Looking at the broader picture of what happens, we ask our question about building a wooden table, the library searches for these pages in the vector database, and it then outputs the pages relating to our query. What happens next is that we feed these pages into our LLM, however, there are multiple ways the LLM can generates its response, to help tailor the response a concept called prompt engineering is used. Prompt engineering is where we set some guidelines for the LLM to tailor its response, for example, we specify a prompt along the lines of “You are an experienced carpenter who advises on instructions in building furniture … etc”. The LLM will generate a response based on the prompt provided and the pages retrieved, in turn producing a concise and coherent response back to the user, suddenly making the LLM an expert in carpentry.

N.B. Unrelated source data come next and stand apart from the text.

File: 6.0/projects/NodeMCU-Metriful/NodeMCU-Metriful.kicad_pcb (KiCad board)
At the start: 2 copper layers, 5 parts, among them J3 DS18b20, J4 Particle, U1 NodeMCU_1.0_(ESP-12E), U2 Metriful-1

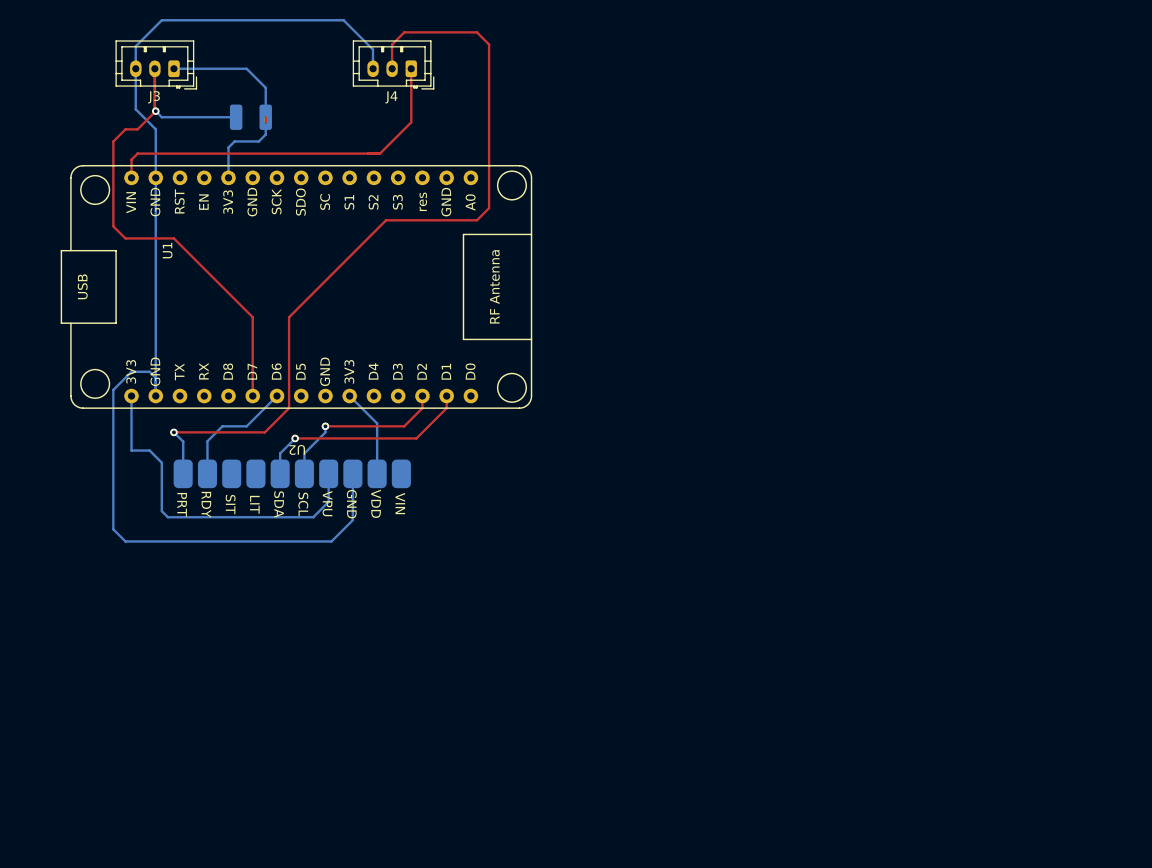
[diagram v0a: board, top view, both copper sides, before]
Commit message: Add NodeMCU-Metriful project
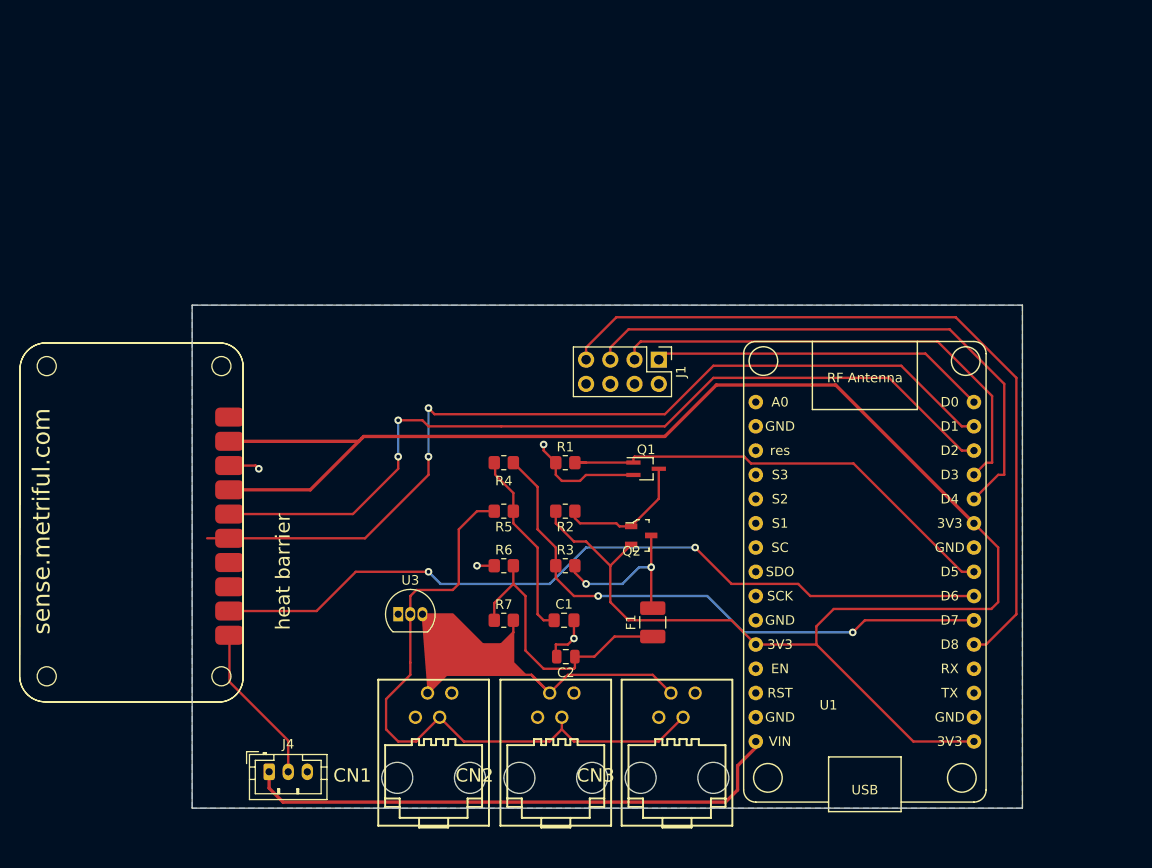
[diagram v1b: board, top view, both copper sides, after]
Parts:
- removed J3: DS18b20, Connector_JST:JST_PH_B3B-PH-K_1x03_P2.00mm_Vertical
- added C1: 100pF, Capacitor_SMD:C_0805_2012Metric_Pad1.18x1.45mm_HandSolder, F.Cu at (122.2, 95.9)
- added C2: 100nF, Capacitor_SMD:C_0805_2012Metric, F.Cu at (122.3, 99.7)
- added CN1: RJ10, 1wire-v0.4:rj10, F.Cu at (108.5, 111.5)
- added CN2: RJ10, 1wire-v0.4:rj10, F.Cu at (121.3, 111.5)
- added CN3: RJ10, 1wire-v0.4:rj10, F.Cu at (134.0, 111.5)
- added F1: Polyfuse_Small, Fuse:Fuse_1210_3225Metric_Pad1.42x2.65mm_HandSolder, F.Cu at (131.4, 96.1)
- added J1: Conn_02x04_Odd_Even, Connector_PinHeader_2.54mm:PinHeader_2x04_P2.54mm_Vertical, F.Cu at (132.1, 68.6)
- added Q1: BSS138BKW, Package_TO_SOT_SMD:SOT-323_SC-70_Handsoldering, F.Cu at (130.8, 80.0)
- added Q2: NX2301P, 1wire-v0.4:SOT-23-3, F.Cu at (130.2, 87.0)
- added R2: 10k, Resistor_SMD:R_0805_2012Metric_Pad1.20x1.40mm_HandSolder, F.Cu at (122.3, 84.5)
- added R3: 5.6k, Resistor_SMD:R_0805_2012Metric_Pad1.20x1.40mm_HandSolder, F.Cu at (122.3, 90.2)
- added R4: 22R, Resistor_SMD:R_0805_2012Metric_Pad1.20x1.40mm_HandSolder, F.Cu at (115.8, 79.4)
- added R5: 22R, Resistor_SMD:R_0805_2012Metric_Pad1.20x1.40mm_HandSolder, F.Cu at (115.8, 84.5)
- added R6: 10k, Resistor_SMD:R_0805_2012Metric_Pad1.20x1.40mm_HandSolder, F.Cu at (115.8, 90.2)
- added R7: 22R, Resistor_SMD:R_0805_2012Metric_Pad1.20x1.40mm_HandSolder, F.Cu at (115.8, 95.9)
- added U3: DS18B20, Package_TO_SOT_THT:TO-92_Inline, F.Cu at (104.8, 95.2)
- J4: value Particle -> Conn_01x03_Female
- R1: value 5.6k -> 10k; footprint Resistor_SMD:R_1210_3225Metric_Pad1.30x2.65mm_HandSolder -> Resistor_SMD:R_0805_2012Metric_Pad1.20x1.40mm_HandSolder; moved to F.Cu
- U2: moved to B.Cu
- moved J4 75.1 mm to (91.2, 111.8), turned to 0 degrees
- moved R1 48.9 mm to (122.3, 79.4), turned to 0 degrees
- moved U1 38.0 mm to (142.2, 73.0), turned to 0 degrees
- moved U2 28.4 mm to (88.4, 104.4), turned to -90 degrees
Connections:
- R1 pad 1: Net-(J3-Pad1) -> GND
- R1 pad 2: Net-(J3-Pad2) -> T_enable
- U1 pad 10: unconnected-(U1-Pad10) -> GND
- U1 pad 11: Net-(J3-Pad1) -> +3V3
- U1 pad 20: unconnected-(U1-Pad20) -> Net-(J1-Pad7)
- U1 pad 21: Net-(J3-Pad2) -> Net-(R3-Pad1)
- U1 pad 23: unconnected-(U1-Pad23) -> T_enable
- U1 pad 24: unconnected-(U1-Pad24) -> GND
- U1 pad 25: Net-(U1-Pad25) -> +3V3
- U1 pad 26: unconnected-(U1-Pad26) -> Net-(J1-Pad5)
- U1 pad 27: unconnected-(U1-Pad27) -> Net-(J1-Pad3)
- U1 pad 30: unconnected-(U1-Pad30) -> Net-(J1-Pad1)
- U2 pad 9: Net-(U1-Pad25) -> +3V3
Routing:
- net +3V3: track 35.8 -> 194.5 mm
- net GND: track 120.2 -> 23.0 mm, vias 0 -> 4
- net Net-(J1-Pad7): track 0.00 -> 80.8 mm
- net Net-(U1-Pad28): track 18.1 -> 91.1 mm, vias 1 -> 2
- net Net-(U1-Pad29): track 22.8 -> 95.1 mm, vias 1 -> 2
- net Net-(U1-Pad22): track 12.7 -> 83.9 mm, vias 0 -> 2
- net Net-(CN1-Pad3): track 0.00 -> 68.0 mm
- net Net-(J4-Pad2): track 84.0 -> 17.2 mm, vias 1 -> 0
- net Net-(R3-Pad1): track 0.00 -> 60.6 mm, vias 0 -> 2
- net Net-(J1-Pad5): track 0.00 -> 59.5 mm
- net Net-(J3-Pad2): track 59.0 -> 0.00 mm, vias 1 -> 0
- net Net-(J1-Pad3): track 0.00 -> 50.8 mm
- net T_enable: track 0.00 -> 48.5 mm
- net Net-(CN1-Pad2): track 0.00 -> 47.5 mm
- net Net-(J1-Pad1): track 0.00 -> 35.4 mm
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- added copper zone on B.Cu, net GND
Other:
- board outline added: 87 x 52.7 mm
- board text added: "heat barrier"

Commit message: Made print smaller, moved RJ10 upwards, as they're straight Also discovered that my NodeMCUs are WIDER. So this is before that change.
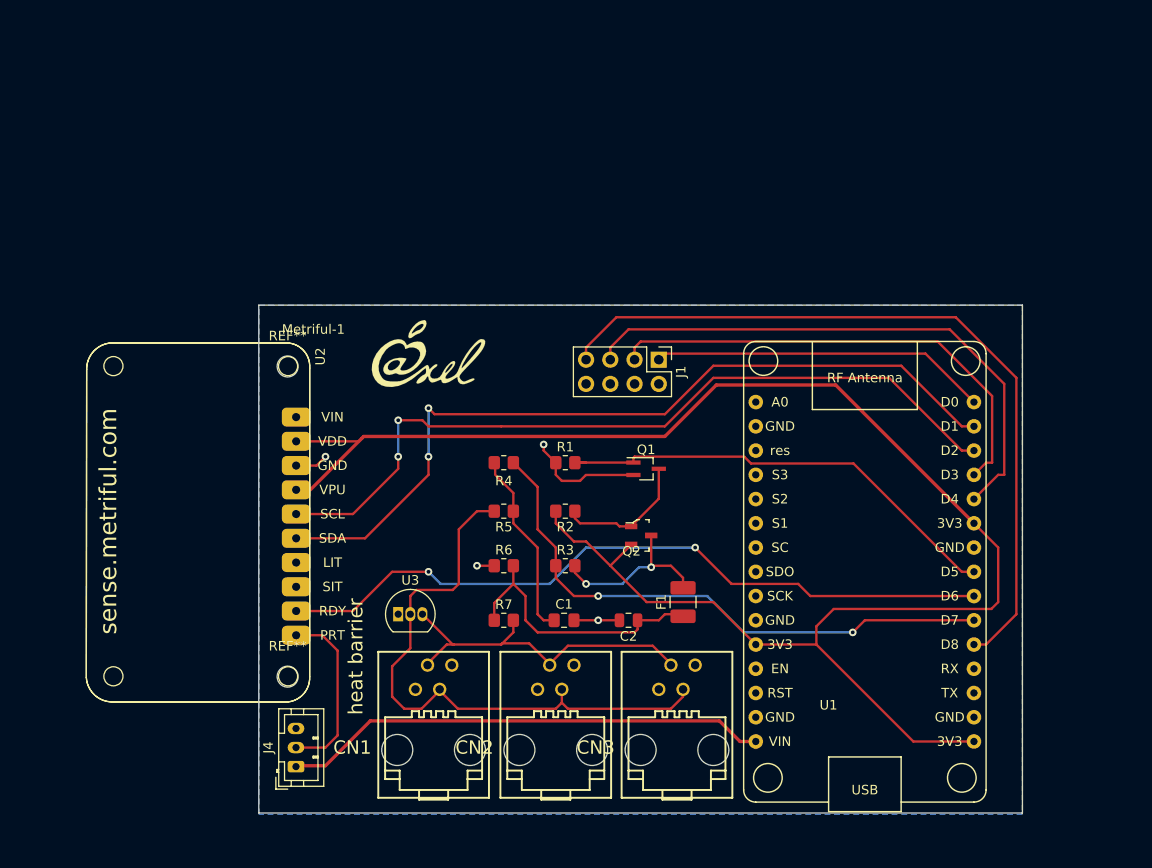
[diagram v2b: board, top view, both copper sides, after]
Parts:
- added G***: LOGO, ESP-RS232:LOGO2, F.Cu at (108.0, 67.9)
- added REF**: MountingHole_2.2mm_M2, MountingHole:MountingHole_2.2mm_M2, F.Cu at (93.2, 69.3)
- added REF**: MountingHole_2.2mm_M2, MountingHole:MountingHole_2.2mm_M2, F.Cu at (93.2, 101.8)
- U2: footprint Sensor:Metriful_SMD-1 -> Sensor:Metriful-1; moved to F.Cu
- moved C2 7.59 mm to (128.9, 95.9)
- moved U2 6.98 mm to (95.4, 104.4), turned to 90 degrees
- moved F1 3.82 mm to (134.6, 94.0)
- moved CN1 2.92 mm to (108.5, 108.6)
- moved CN3 2.92 mm to (134.0, 108.6)
- moved CN2 2.92 mm to (121.3, 108.6)
- moved J4 2.87 mm to (94.1, 111.2), turned to 90 degrees
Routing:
- net +3V3: track 194.5 -> 177.5 mm
- net Net-(CN1-Pad2): track 47.5 -> 36.9 mm
- net Net-(U1-Pad29): track 95.1 -> 85.8 mm
- net Net-(U1-Pad22): track 83.9 -> 76.9 mm
- net Net-(U1-Pad28): track 91.1 -> 84.1 mm
- net VDD: track 57.8 -> 51.7 mm
- net Net-(CN1-Pad3): track 68.0 -> 62.7 mm
- net Net-(J4-Pad2): track 17.2 -> 19.1 mm
- net Net-(C2-Pad1): track 30.5 -> 29.6 mm
- net Net-(F1-Pad2): track 17.6 -> 18.3 mm
- net GND: track 23.0 -> 22.4 mm
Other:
- board size 87 x 52.7 mm -> 80 x 53.2 mm

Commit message: Final (?) version, eliminated the severe warnings.
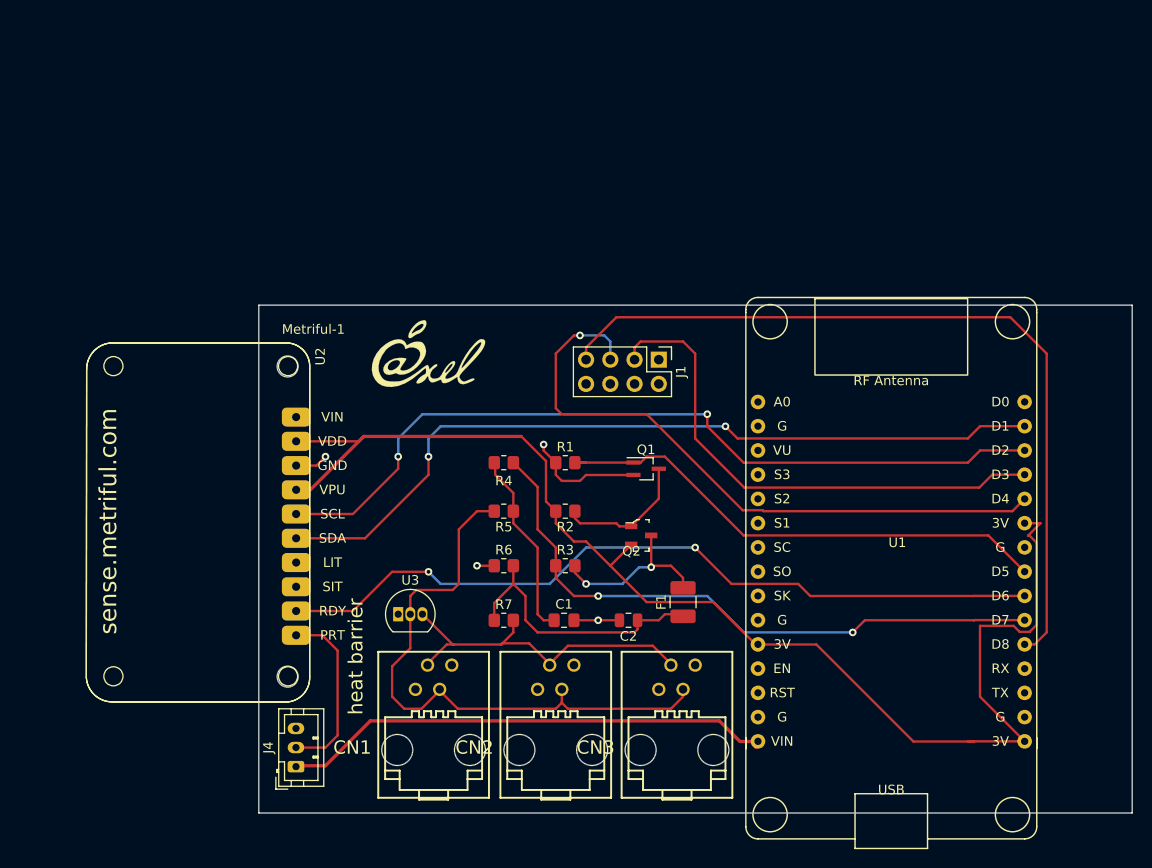
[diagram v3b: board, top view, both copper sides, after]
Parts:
- U1: footprint Module:NodeMCU1.0(12-E) -> NodeMCU:NodeMCU_0.1_Axel
- moved U1 22.7 mm to (156.4, 90.8)
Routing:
- net +3V3: track 177.5 -> 139.7 mm
- net Net-(J1-Pad1): track 35.4 -> 0.90 mm
- net Net-(J1-Pad5): track 59.5 -> 68.7 mm, vias 0 -> 1
- net Net-(U1-Pad22): track 76.9 -> 82.2 mm
- net Net-(R3-Pad1): track 60.6 -> 65.9 mm
- net T_enable: track 48.5 -> 53.6 mm
- net Net-(J1-Pad7): track 80.8 -> 84.7 mm
- net Net-(J1-Pad3): track 50.8 -> 54.5 mm
- net Net-(U1-Pad28): track 84.1 -> 86.5 mm
- net Net-(U1-Pad29): track 85.8 -> 84.5 mm
- removed copper zone on B.Cu, net GND
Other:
- board size 80 x 53.2 mm -> 91.5 x 53.2 mm

We have understood that RAG looks up knowledge in its external knowledge base and can be seen as extending the LLM’s knowledge without having to retrain it on new data.
However, there are limitations around this. Having quality content within the knowledge base will not only enable RAG to pass the appropriate context, but also allow the LLM to better interpret these pieces of text. Asking questions outside the knowledge base will cause the LLM to hallucinate as there will be no or low correlating pages relating to the user’s query. Poor quality or incorrect information in the external knowledge base will lead to inaccuracies or poor responses.
A major benefit of RAG is that the information source is visible to the user; helping to find any inaccuracies or potential biases coming from the response generated. In addition to this, the response generated can be verified on its credibility leading to a more trustworthy solution. The flexibility that it offers in applying changes to the external knowledge base will allow the overall solution to be adapted to any use-case.
Keeping the knowledge base up-to-date and ensuring good quality data is kept will ensure that the LLM will always produce ideal responses. With this we can fill in the biggest void with LLMs which is insufficient or outdated knowledge, thus the true power behind RAG is the data behind it.